Прапорщик с пренебрежением машет рукой:
– Через нас они давно не ходят, – и поясняет: – Мы же их били крепко тут, теперь, года два уже, они через запад идут, а тут нет… – он машет рукой, – они нас обходят, только патрули мои следы их находят, да и то нечасто, а иначе сразу дрон и миномёт… У нас с ними разговор короткий.
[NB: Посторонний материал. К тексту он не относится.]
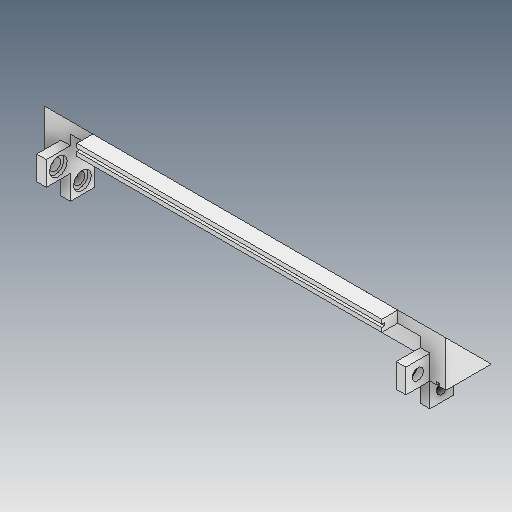
# Autodesk Inventor part: angles_struts
Saved by Autodesk Inventor 2027 (Build 310192060, 192F)
## iProperties
Created: 2026-07-26
Part Number: angles_struts
Material: ABS Plastic
Document SubType Name: Modeling
Designer: prest
Density: 1.06 g/cm^3
Appearance: Smooth - White
Author: prest
Autodesk Inventor part; units mm, degrees
ref_plane "YZ Plane" through (0, 0, 0) normal (1, 0, 0) x (0, 1, 0)
ref_plane "Work Plane1" through (0, 0, 0) normal (0, 0.7071068, -0.7071068) x (-1, 0, 0)
sketch "Sketch2" plane through (0, 0, 0) normal (0, 0.7071068, -0.7071068) x (-1, 0, 0)
  line L0 (-125, 15) -> (125, 15)
  line L1 (125, 15) -> (125, -15)
  line L2 (125, -15) -> (-125, -15)
  line L3 (-125, -15) -> (-125, 15)
  point P0 (0, 0)
  point P1 (-125, 0)
  point P2 (0, -15)
  dimension "d6" = 250
  dimension "d13" = 30
  constraints: 8 end point, 2 midpoint, 2 parallel, 1 horizontal, 1 horizontal alignment, 1 perpendicular, 1 vertical alignment
  measures "d6" distance of L0.start L0.end
  measures "d13" distance of L2.end L0.start
extrude "Extrusion2" add sketch "Sketch2" along normal blind 5
ref_plane "Work Plane2" through (-115, -10.6066, -10.6066) normal (-1, 0, 0) x (0, -0.7071068, 0.7071068)
sketch "Sketch7" plane through (-115, -10.6066, -10.6066) normal (-1, 0, 0) x (0, -0.7071068, 0.7071068)
  line L0 (0, 30) -> (4.3934, 25.6066)
  line L1 (4.3934, 4.3934) -> (0, 0)
  line L2 (15, 15) -> (25.6066, 25.6066)
  line L3 (25.6066, 25.6066) -> (15, 36.2132)
  line L4 (15, 36.2132) -> (4.3934, 25.6066)
  line L5 (15, 15) -> (25.6066, 4.3934)
  line L6 (25.6066, 4.3934) -> (15, -6.2132)
  line L7 (15, -6.2132) -> (4.3934, 4.3934)
  line L8 (0, 0) -> (0, 30) projected
  point P0 (0, -9.4286)
  dimension "d21" = 15
  dimension "d22" = 15
  dimension "d23" = 45
  dimension "d24" = 45
  constraints: 16 end point, 8 perpendicular, 2 coincident, 1 collinear
  measures "d21" distance of L3.end L0.end
  measures "d22" distance of L2.end L3.end
  measures "d23" angle of L8 L0
  measures "d24" angle of L8 L1
extrude "Extrusion6" add sketch "Sketch7" against normal blind 6
sketch "Sketch8" plane through (-125, -10.6066, -10.6066) normal (-1, 0, 0) x (0, -0.7071068, 0.7071068)
  line L0 (0, 0) -> (-5, -5)
  line L1 (-5, -5) -> (-5, 0)
  line L2 (0, 0) -> (-5, 0) projected
  line L3 (0, 30) -> (4.3934, 25.6066) projected
  line L4 (0, 30) -> (-5, 35)
  line L5 (0, 30) -> (-5, 30) projected
  line L6 (-5, 35) -> (-5, 30)
  point P0 (0, 15)
  constraints: 8 end point, 2 perpendicular, 1 collinear, 1 vertical
extrude "Extrusion7" add sketch "Sketch8" against normal up to surface (250 mm away) from surface at 0
sketch "Sketch9" plane through (-109, -10.6066, -10.6066) normal (1, 0, 0) x (0, -0.7071068, -0.7071068)
  line L0 (6.2132, -15) -> (-4.3934, -4.3934) projected
  line L1 (-36.2132, -15) -> (-25.6066, -25.6066) projected
  line L2 (6.2132, -15) -> (-36.2132, -15) construction
  line L3 (-30, 0) -> (-25.6066, -4.3934) projected
  line L4 (-25.6066, -25.6066) -> (-25.6066, -4.3934) construction
  line L5 (-4.3934, -25.6066) -> (-4.3934, -4.3934) construction
  point P0 (-15, 0)
  point P1 (-4.3934, -15)
  point P2 (-25.6066, -15)
  constraints: 6 end point, 2 vertical, 1 horizontal, 1 midpoint, 1 point on line
hole "Hole1" at (-109, -18.1066, 3.1066) at (-109, -3.1066, 18.1066) direction (-1, 0, 0) diameter 7 end through all counterbore diameter 11 counterbore depth 2
sketch "Sketch11" plane through (-115, -10.6066, -10.6066) normal (-1, 0, 0) x (0, 0.7071068, 0.7071068)
  line L0 (4.3934, -4.3934) -> (0, 0) projected
  line L1 (15, -15) -> (0, 0)
  line L2 (0, 0) -> (30, 0) projected
  line L3 (25.6066, -25.6066) -> (15, -15) projected
  line L4 (15, -15) -> (30, 0)
  point P0 (15, 0)
  constraints: 4 end point, 1 collinear, 1 perpendicular
extrude "Extrusion9" add sketch "Sketch11" along normal blind 10
mirror "Mirror6" about plane through (0, 0, 0) normal (1, 0, 0) of "Hole1", "Extrusion6"
sketch "Sketch12" plane through (115, -10.6066, 25.6066) normal (1, 0, 0) x (0, 0, -1)
  line L0 (15, 21.2132) -> (36.2132, 0) projected
  line L1 (0, 0) -> (15, 0) projected
  line L2 (36.2132, 0) -> (15, 0)
  line L3 (15, 0) -> (15, 21.2132)
  point P0 (25.6066, 10.6066)
  constraints: 4 end point, 1 collinear, 1 perpendicular
extrude "Extrusion10" add sketch "Sketch12" along normal blind 10
sketch "Sketch13" plane through (-125, -10.6066, -17.6777) normal (0, -1, 0) x (1, 0, 0)
  line L0 (250, 0) -> (0, 0) projected
  line L1 (234, 7.0711) -> (16, 7.0711) projected
  line L2 (220, 0) -> (30, 0)
  line L3 (30, 0) -> (30, 7.0711)
  line L4 (30, 7.0711) -> (220, 7.0711)
  line L5 (220, 7.0711) -> (220, 0)
  line L6 (250, 28.2843) -> (250, 0) projected
  line L7 (0, 28.2843) -> (0, 0) projected
  point P0 (125, 17.6777)
  point P1 (220, 3.5355)
  point P2 (220, 7.0711)
  point P3 (30, 0)
  dimension "d42" = 30
  dimension "d43" = 30
  constraints: 8 end point, 2 parallel, 2 point on line, 1 horizontal, 1 midpoint, 1 perpendicular
  measures "d42" distance from line of point (220, 3.536) L6
  measures "d43" distance between parallel lines of L7 L3
extrude "Extrusion11" add sketch "Sketch13" along normal blind 10
sketch "Sketch14" plane through (-125, 17.6777, 10.6066) normal (0, 0, 1) x (1, 0, 0)
  line L0 (250, 0) -> (0, 0) projected
  line L1 (16, -7.0711) -> (234, -7.0711) projected
  line L2 (30, 0) -> (220, 0)
  line L3 (220, 0) -> (220, -7.0711)
  line L4 (220, -7.0711) -> (30, -7.0711)
  line L5 (30, -7.0711) -> (30, 0)
  line L6 (0, 0) -> (0, -28.2843) projected
  line L7 (250, -28.2843) -> (250, 0) projected
  line L8 (30, 0) -> (220, 0)
  line L9 (220, 0) -> (220, -7.0711)
  line L10 (220, -7.0711) -> (30, -7.0711)
  line L11 (30, -7.0711) -> (30, 0)
  point P0 (125, -17.6777)
  point P1 (30, -7.0711)
  dimension "d46" = 30
  dimension "d47" = 30
  constraints: 16 end point, 4 parallel, 2 horizontal, 2 perpendicular, 2 point on line
  measures "d46" distance between parallel lines of L6 L5
  measures "d47" distance between parallel lines of L3 L7
extrude "Extrusion12" add sketch "Sketch14" along normal blind 10
sketch "Sketch15" plane through (-125, -10.6066, 10.6066) normal (0, 0, 1) x (1, 0, 0)
  line L0 (30, 0) -> (0, 0) projected
  line L1 (4.1, 0) -> (5.9, 0)
  line L2 (5.9, 0) -> (5.9, 1.8)
  line L3 (5.9, 1.8) -> (4.1, 1.8)
  line L4 (4.1, 1.8) -> (4.1, 0)
  line L5 (0, 28.2843) -> (0, 0) projected
  point P0 (125, 10.6066)
  point P1 (5.9, 0)
  dimension "d50" = 1.8
  dimension "d51" = 1.8
  dimension "d52" = 4.1
  constraints: 8 end point, 2 parallel, 1 horizontal, 1 perpendicular, 1 point on line
  measures "d50" distance of L1.end L2.end
  measures "d51" distance of L2.end L3.end
  measures "d52" distance between parallel lines of L4 L5
extrude "Extrusion13" cut sketch "Sketch15" against normal blind 1.8
mirror "Mirror7" about plane through (0, 0, 0) normal (1, 0, 0) of "Extrusion13"
sketch "Sketch16" plane through (-125, 17.6777, 20.6066) normal (0, 0, 1) x (1, 0, 0)
  line L0 (30, 0) -> (30, -7.0711) projected
  line L1 (30, -3.5355) -> (220, -3.5355)
  line L2 (220, -7.0711) -> (220, 0) projected
  line L3 (30, -2.6355) -> (220, -2.6355)
  line L4 (30, -4.4355) -> (220, -4.4355)
  line L5 (220, -4.4355) -> (220, -2.6355)
  line L6 (30, -4.4355) -> (30, -2.6355)
  line L7 (30, -7.0711) -> (220, -7.0711) projected
  point P0 (125, -17.6777)
  point P1 (30, -4.4355)
  dimension "d55" = 1.8
  constraints: 10 end point, 2 midpoint, 2 point on line, 2 symmetric about line, 1 collinear, 1 horizontal, 1 perpendicular
  measures "d55" diameter of L3 L1
extrude "Extrusion14" cut sketch "Sketch16" against normal blind 1.8 contours L3 L2 L1 L0 | L1 L2 L4 L0
sketch "Sketch17" plane through (-125, -20.6066, -17.6777) normal (0, -1, 0) x (1, 0, 0)
  line L0 (30, 0) -> (30, 7.0711) projected
  line L1 (30, 3.5355) -> (220, 3.5355)
  line L2 (220, 7.0711) -> (220, 0) projected
  line L3 (30, 2.6355) -> (220, 2.6355)
  line L4 (30, 4.4355) -> (220, 4.4355)
  line L5 (30, 4.4355) -> (30, 2.6355)
  line L6 (220, 4.4355) -> (220, 2.6355)
  point P0 (125, 17.6777)
  point P1 (30, 4.4355)
  dimension "d58" = 1.8
  constraints: 10 end point, 2 midpoint, 2 point on line, 2 symmetric about line, 2 vertical, 1 perpendicular
  measures "d58" diameter of L3 L1
extrude "Extrusion15" cut sketch "Sketch17" against normal blind 1.8
equation "\"d43\" = d42"
body "Solid2"

Это, конечно, радует уполномоченного, вот только Мишу дарги не интересуют совсем, его интересует только Аяз Оглы. И он снова спрашивает:
– Так ты отправишь Аязу сообщение, что мы к нему пришли.
– А чего же не отправить? – прапорщик смеётся и добавляет, несмотря на то что на улице глубокая ночь: – Да хоть сейчас. Только радиста вызову. Но… ребятки, он ведь может и не ответить. Не любит он приезжих.
– Мне он ответит, – уверенно говорит Миша. – Пусть радист сообщит ему, что я Миша. Миша, его старый друг.
– Ладно, – согласился военный. – Мне не трудно. Но имейте в виду, что иногда он несколько дней не отвечает. Один раз, в прошлом январе, неделю… восемь дней не отвечал. Я уже думал, что пропал в песках где-то.
«Восемь дней – Бог с ним, лишь бы жив был и ответил».
Уполномоченный не встревает в разговор Миши и прапорщика, но охотник и сам всё устраивает как надо:
– Ну, давай пошлём ему весточку и проверим, откликнется ли он или нет, когда узнает, что это я к нему приехал.
– Дежурный! – орёт прапорщик в полуприкрытую дверь. – Дежурный!
И когда в их комнатушке появляется заспанный солдат, он отдаёт распоряжение:
– Давай-ка радиста ко мне!
Глава 41
Он не доверял этому прапорщику. Разошлись они по пьяной лавочке довольные друг другом, но командир заставы был вовсе не прост, богатое застолье с дорогой выпивкой просто так первым встречным никто устраивать не будет. Понятно, конечно, что солдаты тут одичали вконец и рады любому новому лицу, но всё равно…
Утром за ними пришёл молодой рядовой, позвал на завтрак. И они пошли есть, на сей раз в солдатскую столовую, а не в уютный кабинет командира. Еда была хорошей, сытной. Много кукурузного хлеба, воды сколько хочешь. Горох с соусом из свинины, в котором даже попадались волокна мяса, сладкие коржи, вполне себе неплохой чай. Пахло кофе, но, видимо, это варили для прапорщика, солдатам – чай. Горохов расхваливал еду, вспоминал анекдоты и быстро расположил к себе нескольких завтракавших с ним и Мишей солдат. Это он делать умел. Миша смеялся над его шутками вместе со всеми, и всё складывалось отлично, но тут… Уполномоченного стал разбирать кашель, он замолчал на полуслове, чуть покашлял при всех, а потом быстро встал, чувствуя приближение приступа, и, доставая из кармана галифе тряпку, поспешил на улицу.
Только здесь, забежав за угол и оставшись в одиночестве, он дал кашлю волю. Было ещё утро, едва перевалило за пять. Кажется, и жара ещё не навалилась, а он вспотел… Задыхался, откашливаясь, сплёвывал на землю ярко-красную мокроту, сапогом нагребал на неё пыль с песком и снова кашлял. Так продолжалось целую минуту, наверное, пока наконец он не смог дышать свободно. Тогда Андрей Николаевич вытер лицо и слезящиеся глаза тряпкой и завернул за угол дома.